• [WHAT NEEDS TO BE DONE]:
Below are the entries. Transcribe exactly the lines from the one with "128.27 48.26 90)" through the one with "25.4 42.545 90)", ends included, and leave out all others.

• [INPUT DATA]:
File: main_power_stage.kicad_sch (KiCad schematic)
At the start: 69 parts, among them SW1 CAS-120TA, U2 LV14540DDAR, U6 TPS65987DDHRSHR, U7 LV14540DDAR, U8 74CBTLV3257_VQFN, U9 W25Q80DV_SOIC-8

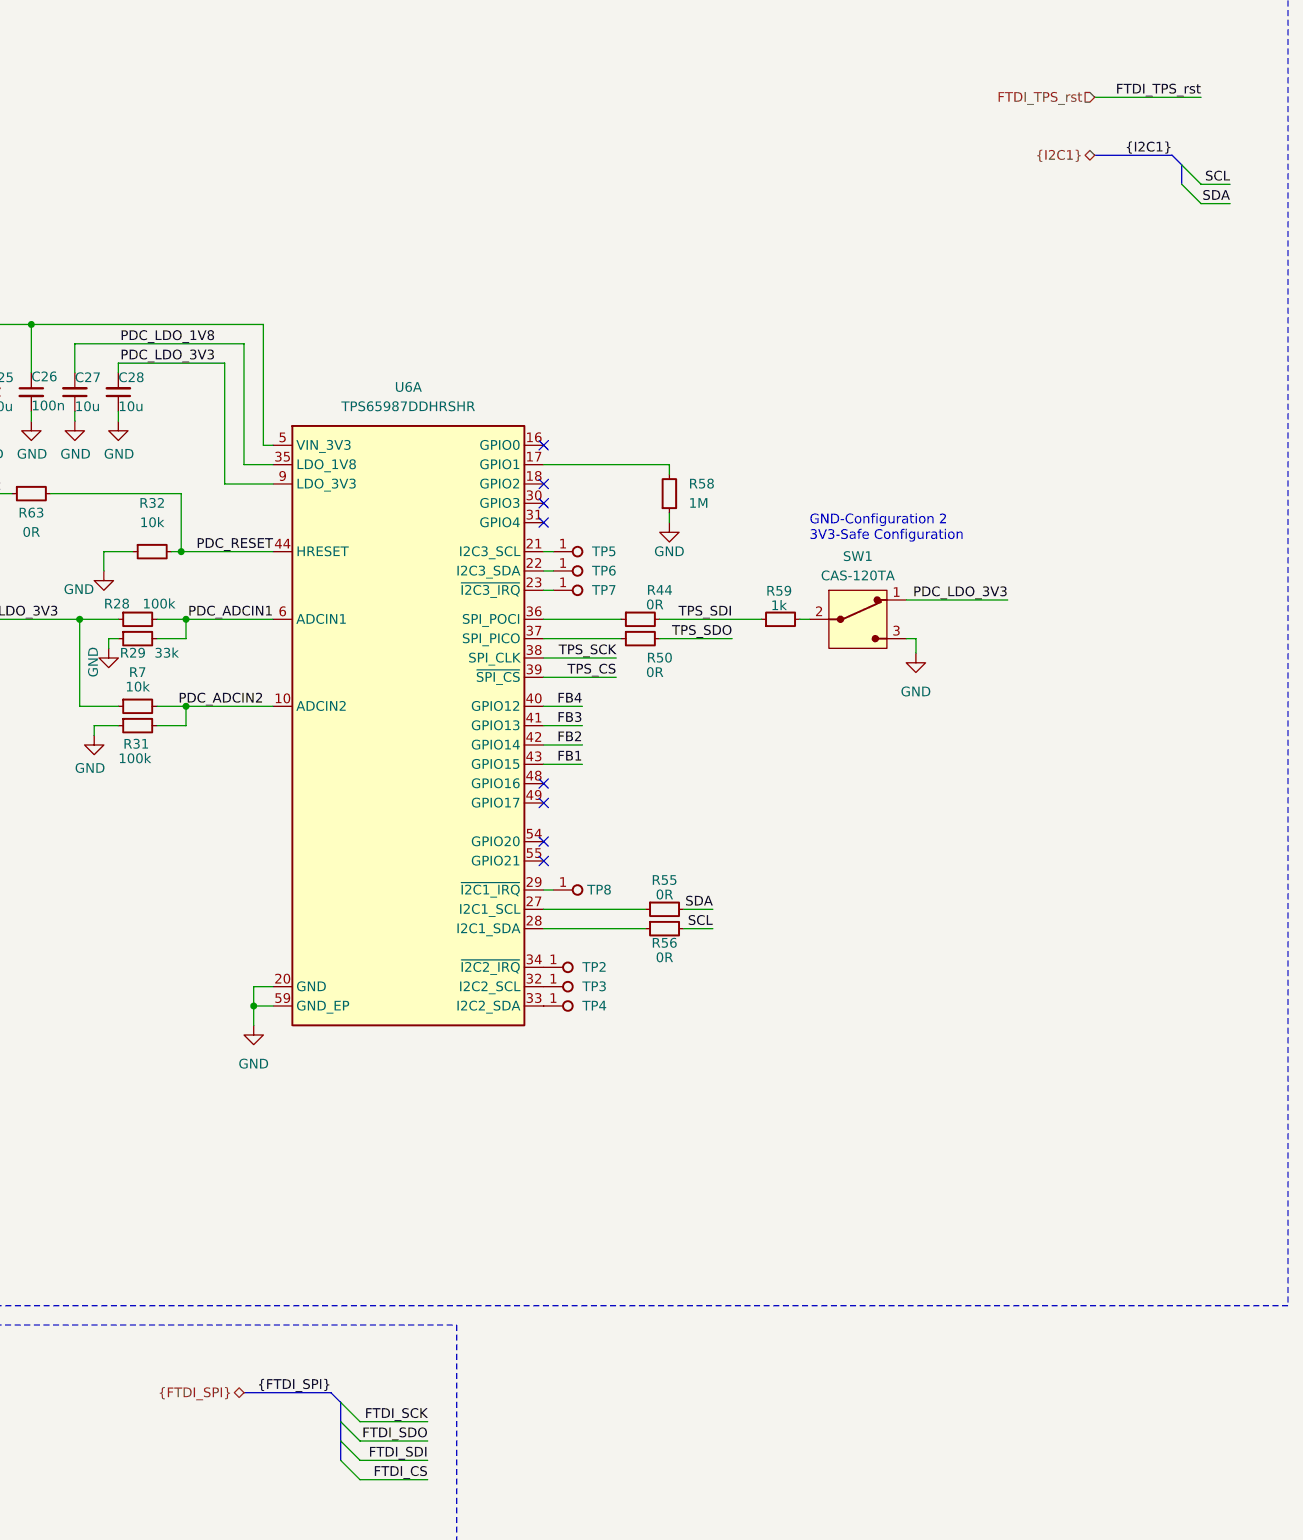
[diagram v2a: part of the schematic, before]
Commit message: [#62835] PoE to USB-C PD Review Rev.1.0.0 correct points 1,3,4,6,7,11
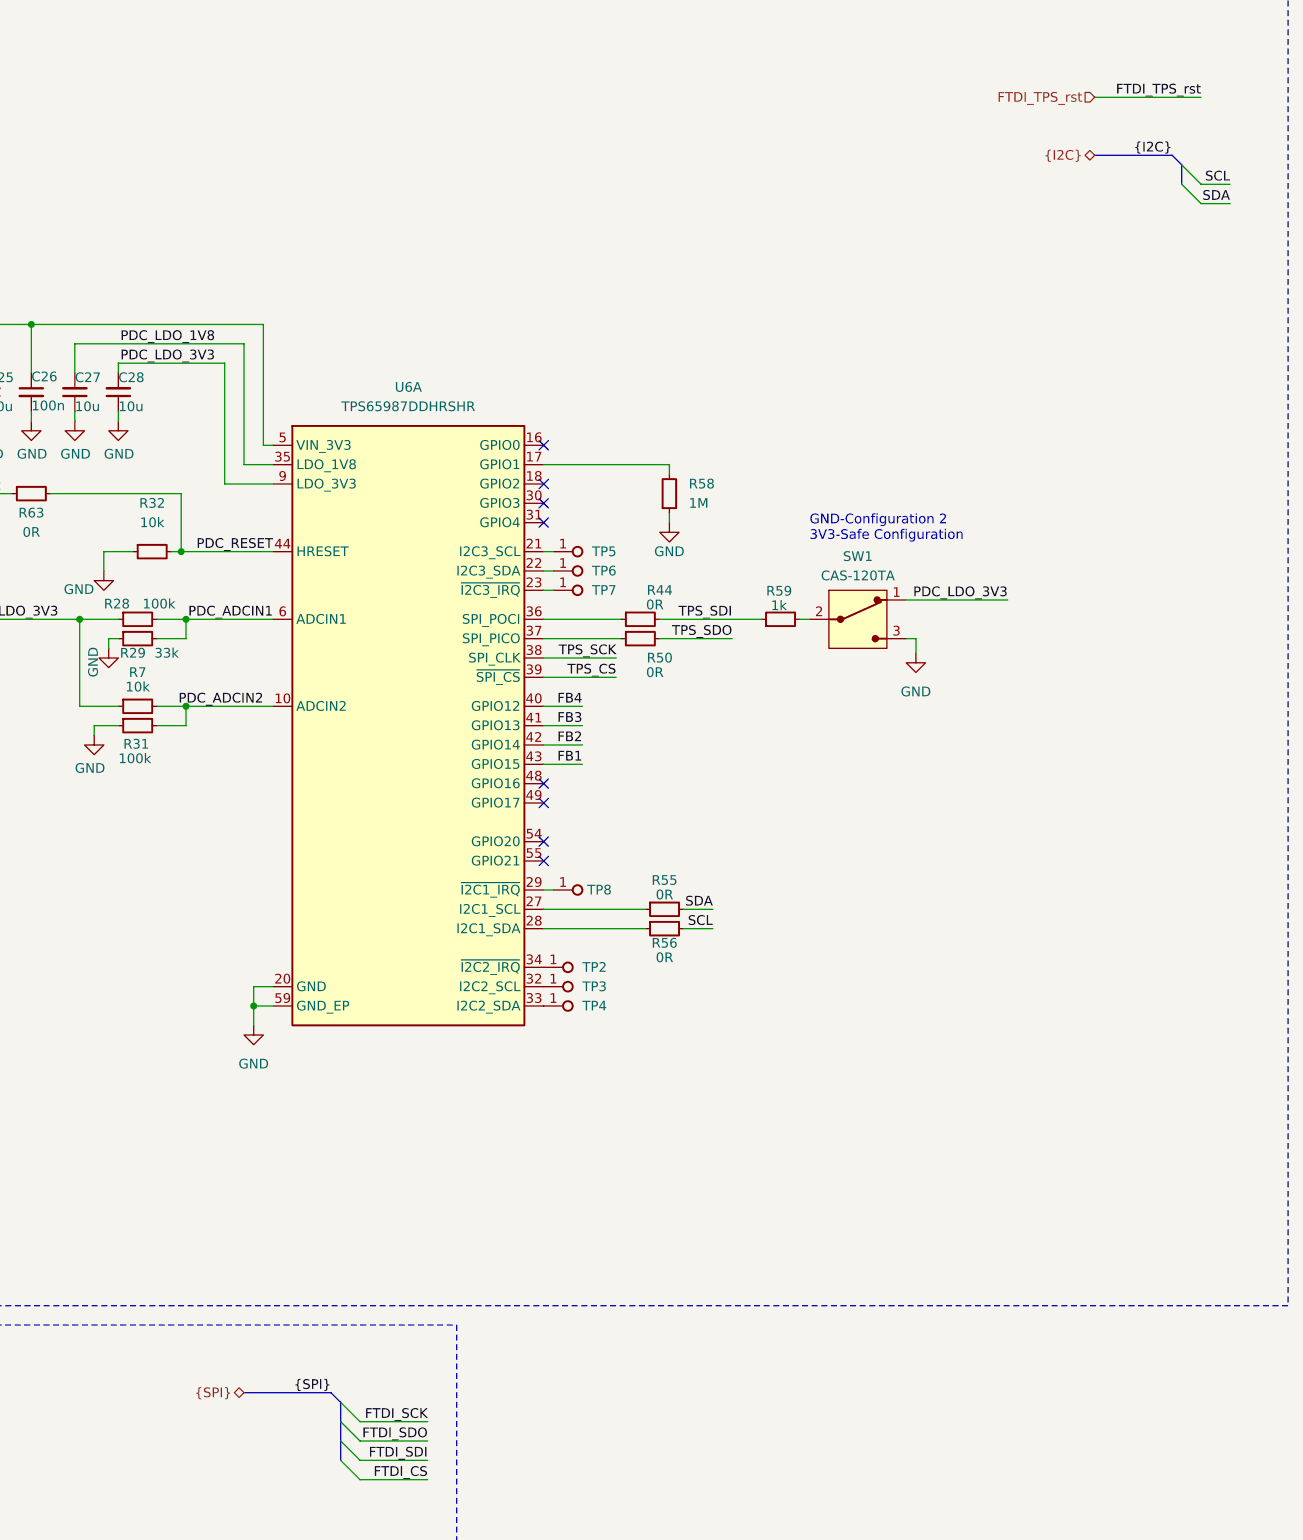
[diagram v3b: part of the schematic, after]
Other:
- company: (none) -> Antmicro ltd.
- title: (none) -> PoE to USBC PD adapter
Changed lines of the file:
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@@
 (kicad_sch (version 20230121) (generator eeschema)
   (paper "A3")
-  (bus_alias "I2C1" (members "SCL" "SDA"))
+  (title_block
+    (title "PoE to USBC PD adapter")
+    (date "2024-07-08")
+    (company "Antmicro ltd.")
+  )
+  (bus_alias "I2C" (members "SCL" "SDA"))
   (junction (at 235.585 57.785) (diameter 0) (color 0 0 0 0)
   )
@@
     (effects (font (size 1.27 1.27)) (justify right bottom))
   )
-  (label "{FTDI_SPI}" (at 280.67 198.12 180) (fields_autoplaced)
+  (label "{SPI}" (at 280.67 198.12 180) (fields_autoplaced)
     (effects (font (size 1.27 1.27)) (justify right bottom))
   )
@@
     (effects (font (size 1.27 1.27)) (justify right bottom))
   )
-  (label "{I2C1}" (at 391.16 35.56 180) (fields_autoplaced)
+  (label "{I2C}" (at 391.16 35.56 180) (fields_autoplaced)
     (effects (font (size 1.27 1.27)) (justify right bottom))
   )
@@
     (effects (font (size 1.27 1.27)) (justify right))
   )
-  (hierarchical_label "{I2C1}" (shape bidirectional) (at 381 35.56 180) (fields_autoplaced)
+  (hierarchical_label "{I2C}" (shape bidirectional) (at 381 35.56 180) (fields_autoplaced)
     (effects (font (size 1.27 1.27)) (justify right))
   )
-  (hierarchical_label "{FTDI_SPI}" (shape bidirectional) (at 269.24 198.12 180) (fields_autoplaced)
+  (hierarchical_label "{SPI}" (shape bidirectional) (at 269.24 198.12 180) (fields_autoplaced)
     (effects (font (size 1.27 1.27)) (justify right))
   )

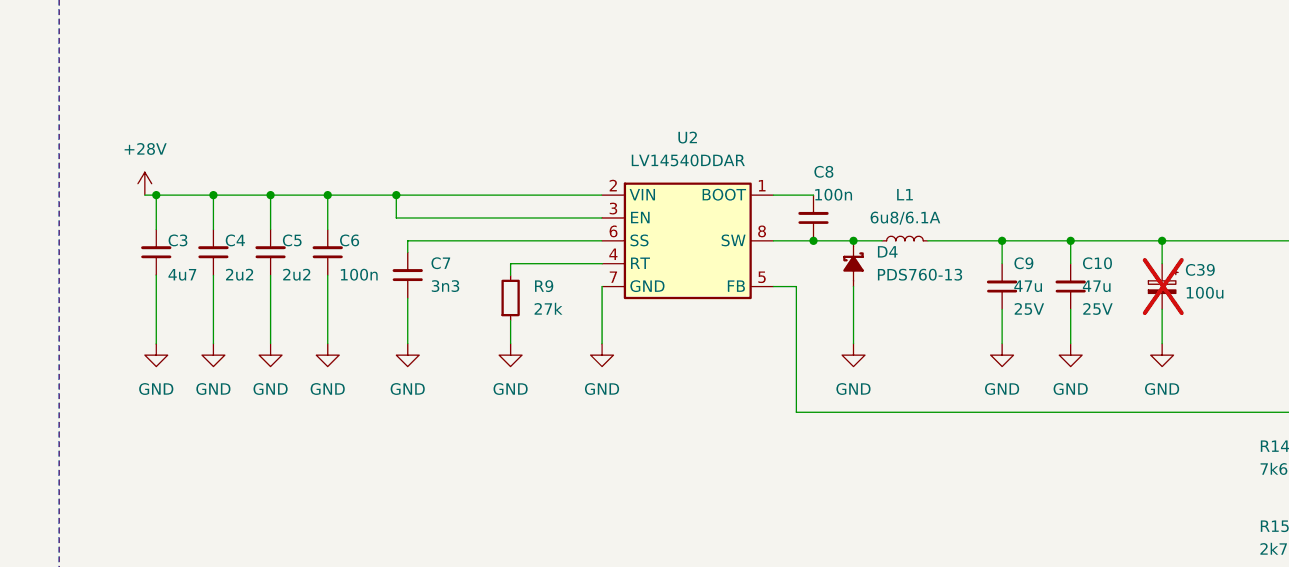
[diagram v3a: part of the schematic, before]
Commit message: [#62835] Add ETH receptacle diode steering
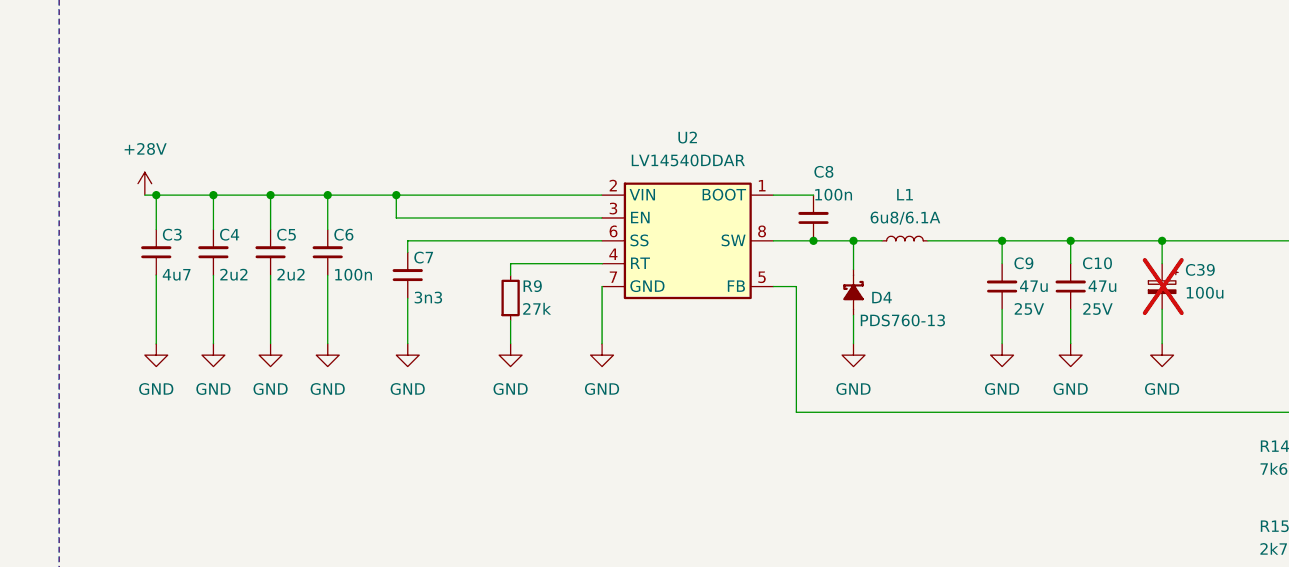
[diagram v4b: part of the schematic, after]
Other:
- moved on the sheet: D4
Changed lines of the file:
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@@
     (stroke (width 0) (type default))
   )
-  (wire (pts (xy 102.235 48.26) (xy 102.235 54.61))
+  (wire (pts (xy 102.235 51.435) (xy 102.235 54.61))
     (stroke (width 0) (type default))
   )
@@
     (stroke (width 0) (type default))
   )
+  (wire (pts (xy 102.235 46.355) (xy 102.235 43.18))
+    (stroke (width 0) (type default))
+  )
   (wire (pts (xy 153.67 222.25) (xy 163.195 222.25))
     (stroke (width 0) (type default))
@@
   )
   (symbol (lib_id "antmicroCapacitors0603:C_100n_100V_X7R_0603") (at 43.815 46.99 90) (unit 1)
-    (in_bom yes) (on_board yes) (dnp no)
-    (property "Reference" "C6" (at 45.085 43.18 90)
+    (in_bom yes) (on_board yes) (dnp no) (fields_autoplaced)
+    (property "Reference" "C6" (at 44.45 42.545 90)
       (effects (font (size 1.27 1.27) (thickness 0.15)) (justify right))
     )
@@
       (effects (font (size 1.27 1.27) (thickness 0.15)) (justify left bottom) hide)
     )
-    (property "Val" "100n" (at 45.085 46.99 90)
+    (property "Val" "100n" (at 44.45 46.99 90)
       (effects (font (size 1.27 1.27) (thickness 0.15)) (justify right))
     )
@@
     )
   )
-  (symbol (lib_id "antmicroDiodesRectifiersSingle:PDS760") (at 102.235 43.18 270) (unit 1)
-    (in_bom yes) (on_board yes) (dnp no) (fields_autoplaced)
-    (property "Reference" "D4" (at 104.775 44.45 90)
+  (symbol (lib_id "antmicroDiodesRectifiersSingle:PDS760") (at 102.235 46.355 270) (unit 1)
+    (in_bom yes) (on_board yes) (dnp no)
+    (property "Reference" "D4" (at 104.14 49.53 90)
       (effects (font (size 1.27 1.27) (thickness 0.15)) (justify left))
     )
-    (property "Value" "PDS760" (at 84.455 66.04 0)
+    (property "Value" "PDS760" (at 84.455 69.215 0)
       (effects (font (size 1.27 1.27) (thickness 0.15)) (justify left bottom) hide)
     )
-    (property "Footprint" "antmicro-footprints:PowerDI5" (at 92.075 66.04 0)
+    (property "Footprint" "antmicro-footprints:PowerDI5" (at 92.075 69.215 0)
       (effects (font (size 1.27 1.27) (thickness 0.15)) (justify left bottom) hide)
     )
-    (property "Datasheet" "https://www.diodes.com/assets/Datasheets/ds30470.pdf" (at 89.535 66.04 0)
+    (property "Datasheet" "https://www.diodes.com/assets/Datasheets/ds30470.pdf" (at 89.535 69.215 0)
       (effects (font (size 1.27 1.27) (thickness 0.15)) (justify left bottom) hide)
     )
-    (property "Manufacturer" "Diodes Incorporated" (at 86.995 66.04 0)
+    (property "Manufacturer" "Diodes Incorporated" (at 86.995 69.215 0)
       (effects (font (size 1.27 1.27) (thickness 0.15)) (justify left bottom) hide)
     )
-    (property "MPN" "PDS760-13" (at 104.775 46.99 90)
+    (property "MPN" "PDS760-13" (at 102.87 52.07 90)
       (effects (font (size 1.27 1.27) (thickness 0.15)) (justify left))
     )
-    (property "Author" "Antmicro" (at 81.915 66.04 0)
+    (property "Author" "Antmicro" (at 81.915 69.215 0)
       (effects (font (size 1.27 1.27) (thickness 0.15)) (justify left bottom) hide)
     )
-    (property "License" "Apache-2.0" (at 79.375 66.04 0)
+    (property "License" "Apache-2.0" (at 79.375 69.215 0)
       (effects (font (size 1.27 1.27) (thickness 0.15)) (justify left bottom) hide)
     )
@@
       (effects (font (size 1.27 1.27) (thickness 0.15)) (justify left bottom) hide)
     )
-    (property "Val" "47u" (at 120.015 48.26 90)
+    (property "Val" "47u" (at 120.65 48.26 90)
       (effects (font (size 1.27 1.27) (thickness 0.15)) (justify right))
     )
@@
   (symbol (lib_id "antmicroCapacitorsmisc:C_2u2_1210") (at 31.115 46.99 90) (unit 1)
     (in_bom yes) (on_board yes) (dnp no)
-    (property "Reference" "C4" (at 32.385 43.18 90)
+    (property "Reference" "C4" (at 31.75 42.545 90)
       (effects (font (size 1.27 1.27) (thickness 0.15)) (justify right))
     )
@@
       (effects (font (size 1.27 1.27) (thickness 0.15)) (justify left bottom) hide)
     )
-    (property "Val" "2u2" (at 32.385 46.99 90)
+    (property "Val" "2u2" (at 31.75 46.99 90)
       (effects (font (size 1.27 1.27) (thickness 0.15)) (justify right))
     )
@@
   (symbol (lib_id "antmicroCapacitors0402:C_3n3_0402") (at 52.705 49.53 90) (unit 1)
     (in_bom yes) (on_board yes) (dnp no) (fields_autoplaced)
-    (property "Reference" "C7" (at 55.245 45.7136 90)
+    (property "Reference" "C7" (at 53.34 45.085 90)
       (effects (font (size 1.27 1.27) (thickness 0.15)) (justify right))
     )
@@
       (effects (font (size 1.27 1.27) (thickness 0.15)) (justify left bottom) hide)
     )
-    (property "Val" "3n3" (at 55.245 48.2536 90)
+    (property "Val" "3n3" (at 53.34 49.53 90)
       (effects (font (size 1.27 1.27) (thickness 0.15)) (justify right))
     )
@@
   )
   (symbol (lib_id "antmicroResistors0402:R_27k_0402") (at 64.135 52.07 90) (unit 1)
-    (in_bom yes) (on_board yes) (dnp no) (fields_autoplaced)
-    (property "Reference" "R9" (at 66.675 48.26 90)
+    (in_bom yes) (on_board yes) (dnp no)
+    (property "Reference" "R9" (at 65.405 48.26 90)
       (effects (font (size 1.27 1.27) (thickness 0.15)) (justify right))
     )
@@
       (effects (font (size 1.27 1.27) (thickness 0.15)) (justify left bottom) hide)
     )
-    (property "Val" "27k" (at 66.675 50.8 90)
+    (property "Val" "27k" (at 65.405 50.8 90)
       (effects (font (size 1.27 1.27) (thickness 0.15)) (justify right))
     )
@@
   )
   (symbol (lib_id "antmicroCapacitorsmisc:C_2u2_1210") (at 37.465 46.99 90) (unit 1)
-    (in_bom yes) (on_board yes) (dnp no)
-    (property "Reference" "C5" (at 38.735 43.18 90)
+    (in_bom yes) (on_board yes) (dnp no) (fields_autoplaced)
+    (property "Reference" "C5" (at 38.1 42.545 90)
       (effects (font (size 1.27 1.27) (thickness 0.15)) (justify right))
     )
@@
       (effects (font (size 1.27 1.27) (thickness 0.15)) (justify left bottom) hide)
     )
-    (property "Val" "2u2" (at 38.735 46.99 90)
+    (property "Val" "2u2" (at 38.1 46.99 90)
       (effects (font (size 1.27 1.27) (thickness 0.15)) (justify right))
     )
@@
       (effects (font (size 1.27 1.27) (thickness 0.15)) (justify left bottom) hide)
     )
-    (property "Val" "47u" (at 127.635 48.26 90)
+    (property "Val" "47u" (at 128.27 48.26 90)
       (effects (font (size 1.27 1.27) (thickness 0.15)) (justify right))
     )
@@
   (symbol (lib_id "antmicroCapacitorsmisc:C_4u7_1210_100V") (at 24.765 46.99 90) (unit 1)
     (in_bom yes) (on_board yes) (dnp no)
-    (property "Reference" "C3" (at 26.035 43.18 90)
+    (property "Reference" "C3" (at 25.4 42.545 90)
       (effects (font (size 1.27 1.27) (thickness 0.15)) (justify right))
     )
@@
       (effects (font (size 1.27 1.27) (thickness 0.15)) (justify left bottom) hide)
     )
-    (property "Val" "4u7" (at 26.035 46.99 90)
+    (property "Val" "4u7" (at 25.4 46.99 90)
       (effects (font (size 1.27 1.27) (thickness 0.15)) (justify right))
     )

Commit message: [#62835] Change L3 3V3 buck and divider, to 5V dcdc buck
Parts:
- removed L2: L_33u_0.42A_WE-TPC-3816, antmicro-footprints:L_WE-TPC-3816, symbol antmicroFixedInductors:L_33u_0.42A_WE-TPC-3816
- removed R26: R_59k_0402, antmicro-footprints:R_0402_1005Metric, symbol antmicroResistors0402:R_59k_0402
- added L3: L_4u7_1.55A_Bourns-SRP2512A, antmicro-footprints:L_Bourns-SRP2512A, symbol antmicroFixedInductors:L_4u7_1.55A_Bourns-SRP2512A
- added R26: R_33k_0402, antmicro-footprints:R_0402_1005Metric, symbol antmicroResistors0402:R_33k_0402
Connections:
- net +3V3: no longer C23.2, C24.2, R25.2
- net GND: now also R26.1
- net at R25.1, U7.5 (FB): now also R26.2
- net at C22.1, D5.1 (C), U7.8 (SW): now also L3.1
- new net +5V: C23.2, C24.2, L3.2, R25.2
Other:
- note added: "3V3 LDO"
- note added: "5V buck"
- note removed: "3V3 buck"
- moved on the sheet: C40, R42, R43, R57, R62, U8

• [SOLUTION FOR THIS PROBLEM]:
+    (property "Val" "47u" (at 128.27 48.26 90)
       (effects (font (size 1.27 1.27) (thickness 0.15)) (justify right))
     )
@@
   (symbol (lib_id "antmicroCapacitorsmisc:C_4u7_1210_100V") (at 24.765 46.99 90) (unit 1)
     (in_bom yes) (on_board yes) (dnp no)
-    (property "Reference" "C3" (at 26.035 43.18 90)
+    (property "Reference" "C3" (at 25.4 42.545 90)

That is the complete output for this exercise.